-- Task details --
Count, please, the lines in the listing below that contain "mechanical", and reply with the count only.

-- Data --
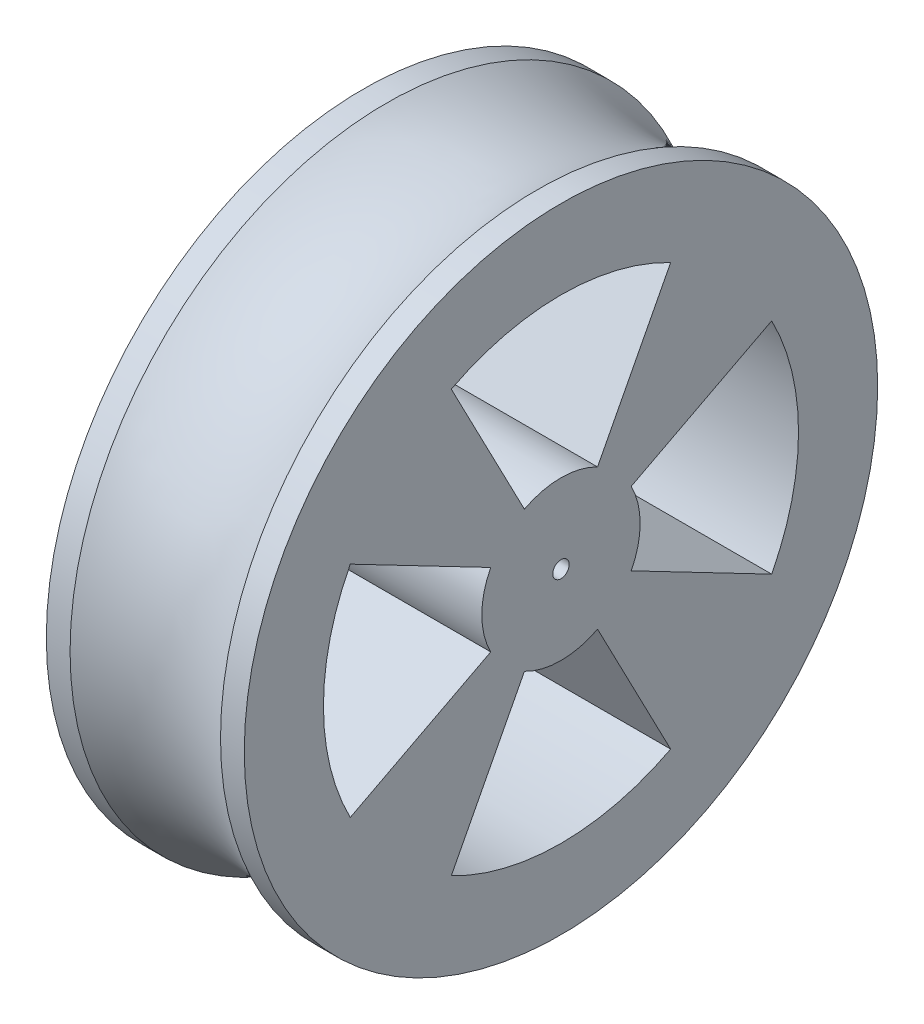
ISO-10303-21;
HEADER;
FILE_DESCRIPTION(('STEP AP214'),'2;1');
FILE_NAME('part.step','',(''),(''),'','','');
FILE_SCHEMA(('AUTOMOTIVE_DESIGN { 1 0 10303 214 1 1 1 1 }'));
ENDSEC;
DATA;
#1=APPLICATION_CONTEXT('core data for automotive mechanical design processes');
#2=APPLICATION_PROTOCOL_DEFINITION('international standard','automotive_design',2000,#1);
#3=PRODUCT_CONTEXT('',#1,'mechanical');
#4=PRODUCT('Part','Part','',(#3));
#5=PRODUCT_RELATED_PRODUCT_CATEGORY('part','',(#4));
#6=PRODUCT_DEFINITION_FORMATION('','',#4);
#7=PRODUCT_DEFINITION_CONTEXT('part definition',#1,'design');
#8=PRODUCT_DEFINITION('design','',#6,#7);
#9=PRODUCT_DEFINITION_SHAPE('','',#8);
#10=(LENGTH_UNIT() NAMED_UNIT(*) SI_UNIT(.MILLI.,.METRE.));
#11=(NAMED_UNIT(*) PLANE_ANGLE_UNIT() SI_UNIT($,.RADIAN.));
#12=(NAMED_UNIT(*) SI_UNIT($,.STERADIAN.) SOLID_ANGLE_UNIT());
#13=UNCERTAINTY_MEASURE_WITH_UNIT(LENGTH_MEASURE(1.E-05),#10,'distance_accuracy_value','');
#14=(GEOMETRIC_REPRESENTATION_CONTEXT(3) GLOBAL_UNCERTAINTY_ASSIGNED_CONTEXT((#13)) GLOBAL_UNIT_ASSIGNED_CONTEXT((#10,
#11,#12)) REPRESENTATION_CONTEXT('',''));
#15=CARTESIAN_POINT('',(0.,0.,0.));
#16=DIRECTION('',(0.,0.,1.));
#17=DIRECTION('',(1.,0.,0.));
#18=AXIS2_PLACEMENT_3D('',#15,#16,#17);
#19=CARTESIAN_POINT('',(12.5,0.,-40.));
#20=DIRECTION('',(-1.,0.,0.));
#21=DIRECTION('',(0.,0.,1.));
#22=AXIS2_PLACEMENT_3D('',#19,#20,#21);
#23=PLANE('',#22);
#24=CARTESIAN_POINT('',(12.5,0.,0.));
#25=DIRECTION('',(1.,0.,0.));
#26=DIRECTION('',(0.,0.,-1.));
#27=AXIS2_PLACEMENT_3D('',#24,#25,#26);
#28=CIRCLE('',#27,1.04);
#29=CARTESIAN_POINT('',(12.5,0.,-1.04));
#30=VERTEX_POINT('',#29);
#31=EDGE_CURVE('E165',#30,#30,#28,.T.);
#32=ORIENTED_EDGE('',*,*,#31,.F.);
#33=EDGE_LOOP('',(#32));
#34=FACE_BOUND('',#33,.T.);
#35=DIRECTION('',(0.,-0.887010833178223,0.461748613235032));
#36=VECTOR('',#35,1.);
#37=CARTESIAN_POINT('',(12.5,-26.6103249953467,13.8524583970509));
#38=LINE('',#37,#36);
#39=CARTESIAN_POINT('',(12.5,-8.87010833178223,4.61748613235032));
#40=VERTEX_POINT('',#39);
#41=CARTESIAN_POINT('',(12.5,-26.6103249953467,13.852458397051));
#42=VERTEX_POINT('',#41);
#43=EDGE_CURVE('E234',#40,#42,#38,.T.);
#44=ORIENTED_EDGE('',*,*,#43,.F.);
#45=CARTESIAN_POINT('',(12.5,0.,0.));
#46=DIRECTION('',(-1.,0.,0.));
#47=DIRECTION('',(0.,0.,-1.));
#48=AXIS2_PLACEMENT_3D('',#45,#46,#47);
#49=CIRCLE('',#48,10.);
#50=CARTESIAN_POINT('',(12.5,-8.87010833178223,-4.61748613235032));
#51=VERTEX_POINT('',#50);
#52=EDGE_CURVE('E54',#51,#40,#49,.T.);
#53=ORIENTED_EDGE('',*,*,#52,.F.);
#54=DIRECTION('',(0.,0.887010833178222,0.461748613235033));
#55=VECTOR('',#54,1.);
#56=CARTESIAN_POINT('',(12.5,-8.87010833178223,-4.61748613235032));
#57=LINE('',#56,#55);
#58=CARTESIAN_POINT('',(12.5,-26.6103249953467,-13.852458397051));
#59=VERTEX_POINT('',#58);
#60=EDGE_CURVE('E219',#59,#51,#57,.T.);
#61=ORIENTED_EDGE('',*,*,#60,.F.);
#62=CARTESIAN_POINT('',(12.5,0.,0.));
#63=DIRECTION('',(1.,0.,0.));
#64=DIRECTION('',(0.,0.,-1.));
#65=AXIS2_PLACEMENT_3D('',#62,#63,#64);
#66=CIRCLE('',#65,30.);
#67=EDGE_CURVE('E238',#42,#59,#66,.T.);
#68=ORIENTED_EDGE('',*,*,#67,.F.);
#69=EDGE_LOOP('',(#44,#53,#61,#68));
#70=FACE_BOUND('',#69,.T.);
#71=DIRECTION('',(0.,-0.461748613235032,-0.887010833178223));
#72=VECTOR('',#71,1.);
#73=CARTESIAN_POINT('',(12.5,-13.8524583970509,-26.6103249953467));
#74=LINE('',#73,#72);
#75=CARTESIAN_POINT('',(12.5,-4.61748613235031,-8.87010833178223));
#76=VERTEX_POINT('',#75);
#77=CARTESIAN_POINT('',(12.5,-13.852458397051,-26.6103249953467));
#78=VERTEX_POINT('',#77);
#79=EDGE_CURVE('E276',#76,#78,#74,.T.);
#80=ORIENTED_EDGE('',*,*,#79,.F.);
#81=CARTESIAN_POINT('',(12.5,0.,0.));
#82=DIRECTION('',(-1.,0.,0.));
#83=DIRECTION('',(0.,0.,-1.));
#84=AXIS2_PLACEMENT_3D('',#81,#82,#83);
#85=CIRCLE('',#84,10.);
#86=CARTESIAN_POINT('',(12.5,4.61748613235032,-8.87010833178223));
#87=VERTEX_POINT('',#86);
#88=EDGE_CURVE('E62',#87,#76,#85,.T.);
#89=ORIENTED_EDGE('',*,*,#88,.F.);
#90=DIRECTION('',(0.,-0.461748613235032,0.887010833178223));
#91=VECTOR('',#90,1.);
#92=CARTESIAN_POINT('',(12.5,4.61748613235032,-8.87010833178223));
#93=LINE('',#92,#91);
#94=CARTESIAN_POINT('',(12.5,13.852458397051,-26.6103249953467));
#95=VERTEX_POINT('',#94);
#96=EDGE_CURVE('E261',#95,#87,#93,.T.);
#97=ORIENTED_EDGE('',*,*,#96,.F.);
#98=CARTESIAN_POINT('',(12.5,0.,0.));
#99=DIRECTION('',(1.,0.,0.));
#100=DIRECTION('',(0.,0.,-1.));
#101=AXIS2_PLACEMENT_3D('',#98,#99,#100);
#102=CIRCLE('',#101,30.);
#103=EDGE_CURVE('E280',#78,#95,#102,.T.);
#104=ORIENTED_EDGE('',*,*,#103,.F.);
#105=EDGE_LOOP('',(#80,#89,#97,#104));
#106=FACE_BOUND('',#105,.T.);
#107=DIRECTION('',(0.,0.461748613235032,0.887010833178223));
#108=VECTOR('',#107,1.);
#109=CARTESIAN_POINT('',(12.5,13.8524583970509,26.6103249953467));
#110=LINE('',#109,#108);
#111=CARTESIAN_POINT('',(12.5,4.61748613235032,8.87010833178222));
#112=VERTEX_POINT('',#111);
#113=CARTESIAN_POINT('',(12.5,13.8524583970509,26.6103249953467));
#114=VERTEX_POINT('',#113);
#115=EDGE_CURVE('E169',#112,#114,#110,.T.);
#116=ORIENTED_EDGE('',*,*,#115,.F.);
#117=CARTESIAN_POINT('',(12.5,0.,0.));
#118=DIRECTION('',(-1.,0.,0.));
#119=DIRECTION('',(0.,0.,-1.));
#120=AXIS2_PLACEMENT_3D('',#117,#118,#119);
#121=CIRCLE('',#120,10.);
#122=CARTESIAN_POINT('',(12.5,-4.61748613235032,8.87010833178222));
#123=VERTEX_POINT('',#122);
#124=EDGE_CURVE('E164',#123,#112,#121,.T.);
#125=ORIENTED_EDGE('',*,*,#124,.F.);
#126=DIRECTION('',(0.,0.461748613235032,-0.887010833178223));
#127=VECTOR('',#126,1.);
#128=CARTESIAN_POINT('',(12.5,-4.61748613235032,8.87010833178222));
#129=LINE('',#128,#127);
#130=CARTESIAN_POINT('',(12.5,-13.852458397051,26.6103249953467));
#131=VERTEX_POINT('',#130);
#132=EDGE_CURVE('E179',#131,#123,#129,.T.);
#133=ORIENTED_EDGE('',*,*,#132,.F.);
#134=CARTESIAN_POINT('',(12.5,0.,0.));
#135=DIRECTION('',(1.,0.,0.));
#136=DIRECTION('',(0.,0.,-1.));
#137=AXIS2_PLACEMENT_3D('',#134,#135,#136);
#138=CIRCLE('',#137,30.);
#139=EDGE_CURVE('E195',#114,#131,#138,.T.);
#140=ORIENTED_EDGE('',*,*,#139,.F.);
#141=EDGE_LOOP('',(#116,#125,#133,#140));
#142=FACE_BOUND('',#141,.T.);
#143=DIRECTION('',(0.,0.887010833178223,-0.461748613235032));
#144=VECTOR('',#143,1.);
#145=CARTESIAN_POINT('',(12.5,26.6103249953467,-13.852458397051));
#146=LINE('',#145,#144);
#147=CARTESIAN_POINT('',(12.5,8.87010833178223,-4.61748613235032));
#148=VERTEX_POINT('',#147);
#149=CARTESIAN_POINT('',(12.5,26.6103249953467,-13.852458397051));
#150=VERTEX_POINT('',#149);
#151=EDGE_CURVE('E319',#148,#150,#146,.T.);
#152=ORIENTED_EDGE('',*,*,#151,.F.);
#153=CARTESIAN_POINT('',(12.5,0.,0.));
#154=DIRECTION('',(-1.,0.,0.));
#155=DIRECTION('',(0.,0.,-1.));
#156=AXIS2_PLACEMENT_3D('',#153,#154,#155);
#157=CIRCLE('',#156,10.);
#158=CARTESIAN_POINT('',(12.5,8.87010833178223,4.61748613235031));
#159=VERTEX_POINT('',#158);
#160=EDGE_CURVE('E290',#159,#148,#157,.T.);
#161=ORIENTED_EDGE('',*,*,#160,.F.);
#162=DIRECTION('',(0.,-0.887010833178223,-0.461748613235032));
#163=VECTOR('',#162,1.);
#164=CARTESIAN_POINT('',(12.5,8.87010833178223,4.61748613235031));
#165=LINE('',#164,#163);
#166=CARTESIAN_POINT('',(12.5,26.6103249953467,13.8524583970509));
#167=VERTEX_POINT('',#166);
#168=EDGE_CURVE('E304',#167,#159,#165,.T.);
#169=ORIENTED_EDGE('',*,*,#168,.F.);
#170=CARTESIAN_POINT('',(12.5,0.,0.));
#171=DIRECTION('',(1.,0.,0.));
#172=DIRECTION('',(0.,0.,-1.));
#173=AXIS2_PLACEMENT_3D('',#170,#171,#172);
#174=CIRCLE('',#173,30.);
#175=EDGE_CURVE('E323',#150,#167,#174,.T.);
#176=ORIENTED_EDGE('',*,*,#175,.F.);
#177=EDGE_LOOP('',(#152,#161,#169,#176));
#178=FACE_BOUND('',#177,.T.);
#179=CARTESIAN_POINT('',(12.5,0.,0.));
#180=DIRECTION('',(-1.,0.,0.));
#181=DIRECTION('',(0.,0.,1.));
#182=AXIS2_PLACEMENT_3D('',#179,#180,#181);
#183=CIRCLE('',#182,40.);
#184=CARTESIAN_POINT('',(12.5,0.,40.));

-- Written answer --
2